⟨

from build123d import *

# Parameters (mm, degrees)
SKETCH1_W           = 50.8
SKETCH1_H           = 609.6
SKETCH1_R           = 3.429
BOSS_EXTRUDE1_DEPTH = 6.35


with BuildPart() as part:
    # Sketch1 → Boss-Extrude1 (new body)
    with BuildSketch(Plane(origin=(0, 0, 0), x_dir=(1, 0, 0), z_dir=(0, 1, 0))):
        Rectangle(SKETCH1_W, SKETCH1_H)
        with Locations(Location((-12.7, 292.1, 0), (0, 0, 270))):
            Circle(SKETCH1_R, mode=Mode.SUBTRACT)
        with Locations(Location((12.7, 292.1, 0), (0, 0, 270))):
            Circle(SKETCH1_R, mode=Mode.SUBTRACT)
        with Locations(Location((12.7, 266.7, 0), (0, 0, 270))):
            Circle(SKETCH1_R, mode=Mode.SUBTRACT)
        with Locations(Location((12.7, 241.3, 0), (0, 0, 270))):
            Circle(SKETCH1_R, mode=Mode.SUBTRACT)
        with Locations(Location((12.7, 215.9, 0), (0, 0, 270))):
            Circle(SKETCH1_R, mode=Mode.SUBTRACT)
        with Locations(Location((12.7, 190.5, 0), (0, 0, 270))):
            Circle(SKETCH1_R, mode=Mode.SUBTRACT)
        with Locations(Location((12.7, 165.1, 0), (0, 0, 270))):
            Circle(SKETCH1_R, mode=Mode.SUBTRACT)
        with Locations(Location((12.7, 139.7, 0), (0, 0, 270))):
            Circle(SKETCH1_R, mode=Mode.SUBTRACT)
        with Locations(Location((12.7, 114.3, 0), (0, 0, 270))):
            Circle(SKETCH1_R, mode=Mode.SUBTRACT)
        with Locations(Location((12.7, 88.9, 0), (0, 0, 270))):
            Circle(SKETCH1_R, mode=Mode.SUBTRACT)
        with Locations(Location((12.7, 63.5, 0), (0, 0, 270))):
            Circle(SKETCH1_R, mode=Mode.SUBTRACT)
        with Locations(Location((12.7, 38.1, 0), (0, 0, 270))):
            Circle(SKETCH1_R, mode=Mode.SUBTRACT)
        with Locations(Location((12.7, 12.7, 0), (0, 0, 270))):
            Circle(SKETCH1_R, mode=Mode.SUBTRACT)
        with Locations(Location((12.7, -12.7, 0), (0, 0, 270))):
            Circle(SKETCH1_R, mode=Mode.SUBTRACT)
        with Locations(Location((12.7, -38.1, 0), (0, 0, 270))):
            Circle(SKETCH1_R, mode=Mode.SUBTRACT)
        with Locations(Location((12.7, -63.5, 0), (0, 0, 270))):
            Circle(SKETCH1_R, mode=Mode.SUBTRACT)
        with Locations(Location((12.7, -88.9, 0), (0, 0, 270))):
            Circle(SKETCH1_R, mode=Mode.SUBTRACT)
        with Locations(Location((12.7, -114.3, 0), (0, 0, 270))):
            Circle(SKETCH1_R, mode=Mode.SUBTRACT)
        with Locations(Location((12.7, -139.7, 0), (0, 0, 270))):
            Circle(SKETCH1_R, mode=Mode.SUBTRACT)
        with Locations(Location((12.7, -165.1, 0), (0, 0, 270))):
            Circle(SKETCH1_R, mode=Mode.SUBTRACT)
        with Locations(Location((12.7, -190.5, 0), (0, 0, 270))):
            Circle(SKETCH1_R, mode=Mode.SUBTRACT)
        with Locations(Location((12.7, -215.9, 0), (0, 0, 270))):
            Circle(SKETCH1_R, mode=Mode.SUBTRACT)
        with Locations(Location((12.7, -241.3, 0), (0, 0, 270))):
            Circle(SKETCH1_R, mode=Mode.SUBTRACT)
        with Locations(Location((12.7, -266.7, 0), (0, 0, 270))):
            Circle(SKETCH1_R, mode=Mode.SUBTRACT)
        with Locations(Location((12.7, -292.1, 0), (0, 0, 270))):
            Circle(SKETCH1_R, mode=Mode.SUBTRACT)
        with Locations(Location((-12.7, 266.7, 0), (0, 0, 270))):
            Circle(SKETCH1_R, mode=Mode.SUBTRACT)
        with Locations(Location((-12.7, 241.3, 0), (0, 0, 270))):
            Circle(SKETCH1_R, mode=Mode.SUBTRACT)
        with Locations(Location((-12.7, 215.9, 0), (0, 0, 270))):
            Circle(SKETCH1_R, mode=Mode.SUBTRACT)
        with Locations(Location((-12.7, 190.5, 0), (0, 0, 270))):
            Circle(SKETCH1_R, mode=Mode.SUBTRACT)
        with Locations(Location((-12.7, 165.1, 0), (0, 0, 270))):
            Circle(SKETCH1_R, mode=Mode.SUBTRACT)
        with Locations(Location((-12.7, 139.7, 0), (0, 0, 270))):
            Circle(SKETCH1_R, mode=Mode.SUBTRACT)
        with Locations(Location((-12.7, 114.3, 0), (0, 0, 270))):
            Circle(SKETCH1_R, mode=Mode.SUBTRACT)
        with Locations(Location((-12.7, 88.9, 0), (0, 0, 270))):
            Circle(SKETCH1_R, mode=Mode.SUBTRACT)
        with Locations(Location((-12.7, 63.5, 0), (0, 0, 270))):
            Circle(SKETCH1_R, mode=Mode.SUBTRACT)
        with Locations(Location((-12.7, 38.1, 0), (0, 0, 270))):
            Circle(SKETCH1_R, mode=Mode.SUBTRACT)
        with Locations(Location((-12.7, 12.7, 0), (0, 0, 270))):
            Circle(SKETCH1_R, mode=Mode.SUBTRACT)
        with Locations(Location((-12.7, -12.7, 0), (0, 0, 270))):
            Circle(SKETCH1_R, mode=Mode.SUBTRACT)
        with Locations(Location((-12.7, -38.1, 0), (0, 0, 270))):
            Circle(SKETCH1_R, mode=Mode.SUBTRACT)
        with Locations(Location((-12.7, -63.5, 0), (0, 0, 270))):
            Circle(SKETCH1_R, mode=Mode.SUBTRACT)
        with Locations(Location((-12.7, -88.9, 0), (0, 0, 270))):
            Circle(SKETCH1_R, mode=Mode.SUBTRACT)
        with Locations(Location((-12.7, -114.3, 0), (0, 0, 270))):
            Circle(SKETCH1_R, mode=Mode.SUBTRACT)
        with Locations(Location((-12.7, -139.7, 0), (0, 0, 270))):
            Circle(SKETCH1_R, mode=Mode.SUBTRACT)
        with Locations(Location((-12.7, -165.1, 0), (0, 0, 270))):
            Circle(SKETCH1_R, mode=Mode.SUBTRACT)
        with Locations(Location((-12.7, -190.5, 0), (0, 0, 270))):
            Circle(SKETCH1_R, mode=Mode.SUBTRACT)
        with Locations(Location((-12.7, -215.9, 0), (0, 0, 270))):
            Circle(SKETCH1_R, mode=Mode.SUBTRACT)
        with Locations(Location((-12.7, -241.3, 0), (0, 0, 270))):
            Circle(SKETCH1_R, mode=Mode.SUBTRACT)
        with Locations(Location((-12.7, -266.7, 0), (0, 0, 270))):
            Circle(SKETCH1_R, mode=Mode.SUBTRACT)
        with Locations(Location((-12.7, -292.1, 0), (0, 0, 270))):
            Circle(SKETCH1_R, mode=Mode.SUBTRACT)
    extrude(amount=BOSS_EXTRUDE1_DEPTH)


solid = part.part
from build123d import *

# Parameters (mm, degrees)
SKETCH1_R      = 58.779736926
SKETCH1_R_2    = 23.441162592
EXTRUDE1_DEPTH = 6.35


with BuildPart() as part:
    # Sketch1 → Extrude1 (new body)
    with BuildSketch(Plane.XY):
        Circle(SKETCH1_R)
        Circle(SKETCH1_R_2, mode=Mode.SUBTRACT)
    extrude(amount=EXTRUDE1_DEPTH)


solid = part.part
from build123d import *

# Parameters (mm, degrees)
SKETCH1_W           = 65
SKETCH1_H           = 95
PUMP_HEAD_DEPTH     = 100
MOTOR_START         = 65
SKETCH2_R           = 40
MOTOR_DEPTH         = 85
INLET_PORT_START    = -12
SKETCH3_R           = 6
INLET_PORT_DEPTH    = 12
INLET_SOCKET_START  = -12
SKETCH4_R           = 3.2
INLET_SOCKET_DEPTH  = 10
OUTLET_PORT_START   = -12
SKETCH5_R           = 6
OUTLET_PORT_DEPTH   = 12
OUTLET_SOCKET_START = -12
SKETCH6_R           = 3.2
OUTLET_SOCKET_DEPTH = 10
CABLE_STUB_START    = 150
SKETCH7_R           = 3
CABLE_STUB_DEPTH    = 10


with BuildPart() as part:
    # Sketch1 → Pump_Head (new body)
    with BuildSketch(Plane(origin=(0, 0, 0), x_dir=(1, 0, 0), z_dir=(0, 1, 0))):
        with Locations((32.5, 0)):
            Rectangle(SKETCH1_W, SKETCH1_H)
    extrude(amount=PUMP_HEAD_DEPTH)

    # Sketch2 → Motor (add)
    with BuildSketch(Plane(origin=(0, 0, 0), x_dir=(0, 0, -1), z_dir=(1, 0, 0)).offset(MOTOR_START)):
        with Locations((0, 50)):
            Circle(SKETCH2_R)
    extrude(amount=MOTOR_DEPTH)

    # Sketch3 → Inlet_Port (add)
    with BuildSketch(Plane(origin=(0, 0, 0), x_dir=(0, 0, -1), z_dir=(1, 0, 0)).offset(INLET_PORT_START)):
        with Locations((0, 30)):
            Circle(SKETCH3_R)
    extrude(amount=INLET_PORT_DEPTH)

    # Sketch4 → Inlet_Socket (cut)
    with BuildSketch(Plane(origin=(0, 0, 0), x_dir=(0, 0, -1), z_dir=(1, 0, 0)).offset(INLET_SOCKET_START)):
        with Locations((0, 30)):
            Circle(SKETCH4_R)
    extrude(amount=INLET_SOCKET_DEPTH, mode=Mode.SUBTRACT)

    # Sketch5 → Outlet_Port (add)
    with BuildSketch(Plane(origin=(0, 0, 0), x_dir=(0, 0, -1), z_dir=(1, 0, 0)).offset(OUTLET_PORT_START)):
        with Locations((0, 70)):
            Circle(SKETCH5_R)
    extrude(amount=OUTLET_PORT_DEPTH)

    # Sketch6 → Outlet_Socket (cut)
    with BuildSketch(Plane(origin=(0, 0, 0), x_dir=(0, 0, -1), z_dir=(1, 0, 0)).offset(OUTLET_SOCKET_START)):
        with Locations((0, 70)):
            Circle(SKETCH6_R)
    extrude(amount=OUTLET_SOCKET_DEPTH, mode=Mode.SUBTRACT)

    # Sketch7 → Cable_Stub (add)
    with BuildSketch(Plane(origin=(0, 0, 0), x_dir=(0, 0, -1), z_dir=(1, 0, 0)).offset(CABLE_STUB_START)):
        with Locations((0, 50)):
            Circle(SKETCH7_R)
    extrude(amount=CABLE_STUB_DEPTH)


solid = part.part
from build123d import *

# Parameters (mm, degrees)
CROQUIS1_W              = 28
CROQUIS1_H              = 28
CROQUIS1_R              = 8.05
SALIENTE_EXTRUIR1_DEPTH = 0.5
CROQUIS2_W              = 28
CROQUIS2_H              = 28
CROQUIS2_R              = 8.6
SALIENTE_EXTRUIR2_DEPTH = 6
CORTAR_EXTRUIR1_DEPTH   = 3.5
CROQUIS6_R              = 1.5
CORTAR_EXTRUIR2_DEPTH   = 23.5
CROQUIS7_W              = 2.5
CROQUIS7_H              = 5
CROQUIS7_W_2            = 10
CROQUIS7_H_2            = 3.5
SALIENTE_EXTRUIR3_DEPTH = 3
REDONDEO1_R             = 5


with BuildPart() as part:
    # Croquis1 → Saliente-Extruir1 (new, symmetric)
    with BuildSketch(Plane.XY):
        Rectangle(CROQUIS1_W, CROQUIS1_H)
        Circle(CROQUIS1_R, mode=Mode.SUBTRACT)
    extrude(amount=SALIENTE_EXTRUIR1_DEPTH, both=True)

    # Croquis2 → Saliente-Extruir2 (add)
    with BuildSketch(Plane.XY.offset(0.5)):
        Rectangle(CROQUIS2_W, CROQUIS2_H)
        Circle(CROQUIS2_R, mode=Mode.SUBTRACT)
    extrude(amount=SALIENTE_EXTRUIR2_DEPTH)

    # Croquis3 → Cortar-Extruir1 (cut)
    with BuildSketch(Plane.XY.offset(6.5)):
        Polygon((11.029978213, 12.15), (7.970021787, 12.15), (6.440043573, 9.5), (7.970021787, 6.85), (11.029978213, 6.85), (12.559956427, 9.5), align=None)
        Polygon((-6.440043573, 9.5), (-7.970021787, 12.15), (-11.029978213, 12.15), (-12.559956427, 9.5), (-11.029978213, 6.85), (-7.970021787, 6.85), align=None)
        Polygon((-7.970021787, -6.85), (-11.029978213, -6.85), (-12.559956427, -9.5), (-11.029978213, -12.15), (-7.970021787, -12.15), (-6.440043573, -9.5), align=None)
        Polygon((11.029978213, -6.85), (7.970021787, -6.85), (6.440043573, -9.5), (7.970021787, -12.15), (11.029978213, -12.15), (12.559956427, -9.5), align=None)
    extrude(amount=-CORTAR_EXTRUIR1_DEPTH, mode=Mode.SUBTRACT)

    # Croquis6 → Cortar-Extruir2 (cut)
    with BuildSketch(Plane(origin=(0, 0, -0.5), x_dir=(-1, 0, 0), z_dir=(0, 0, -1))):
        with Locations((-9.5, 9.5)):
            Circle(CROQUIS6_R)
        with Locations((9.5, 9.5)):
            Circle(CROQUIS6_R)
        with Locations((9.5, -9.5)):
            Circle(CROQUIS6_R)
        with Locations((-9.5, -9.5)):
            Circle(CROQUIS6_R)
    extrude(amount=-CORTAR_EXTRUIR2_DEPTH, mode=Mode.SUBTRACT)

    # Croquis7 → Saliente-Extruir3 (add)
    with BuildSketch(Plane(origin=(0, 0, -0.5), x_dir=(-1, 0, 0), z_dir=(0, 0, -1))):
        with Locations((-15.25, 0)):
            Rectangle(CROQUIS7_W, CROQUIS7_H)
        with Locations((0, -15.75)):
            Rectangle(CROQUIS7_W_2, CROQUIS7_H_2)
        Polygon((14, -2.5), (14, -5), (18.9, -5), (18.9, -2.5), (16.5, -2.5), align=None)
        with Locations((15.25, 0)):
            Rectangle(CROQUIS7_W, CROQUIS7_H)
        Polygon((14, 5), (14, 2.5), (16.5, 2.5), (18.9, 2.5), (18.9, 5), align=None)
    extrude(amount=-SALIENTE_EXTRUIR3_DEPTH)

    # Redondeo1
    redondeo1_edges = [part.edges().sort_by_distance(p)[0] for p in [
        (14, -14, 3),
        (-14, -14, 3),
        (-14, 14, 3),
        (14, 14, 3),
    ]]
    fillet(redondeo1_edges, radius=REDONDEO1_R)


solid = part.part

⟩

- Problem details -
Could you work out how many lines in the material contain "align"? Reply with only that number.

- Expected answer -
6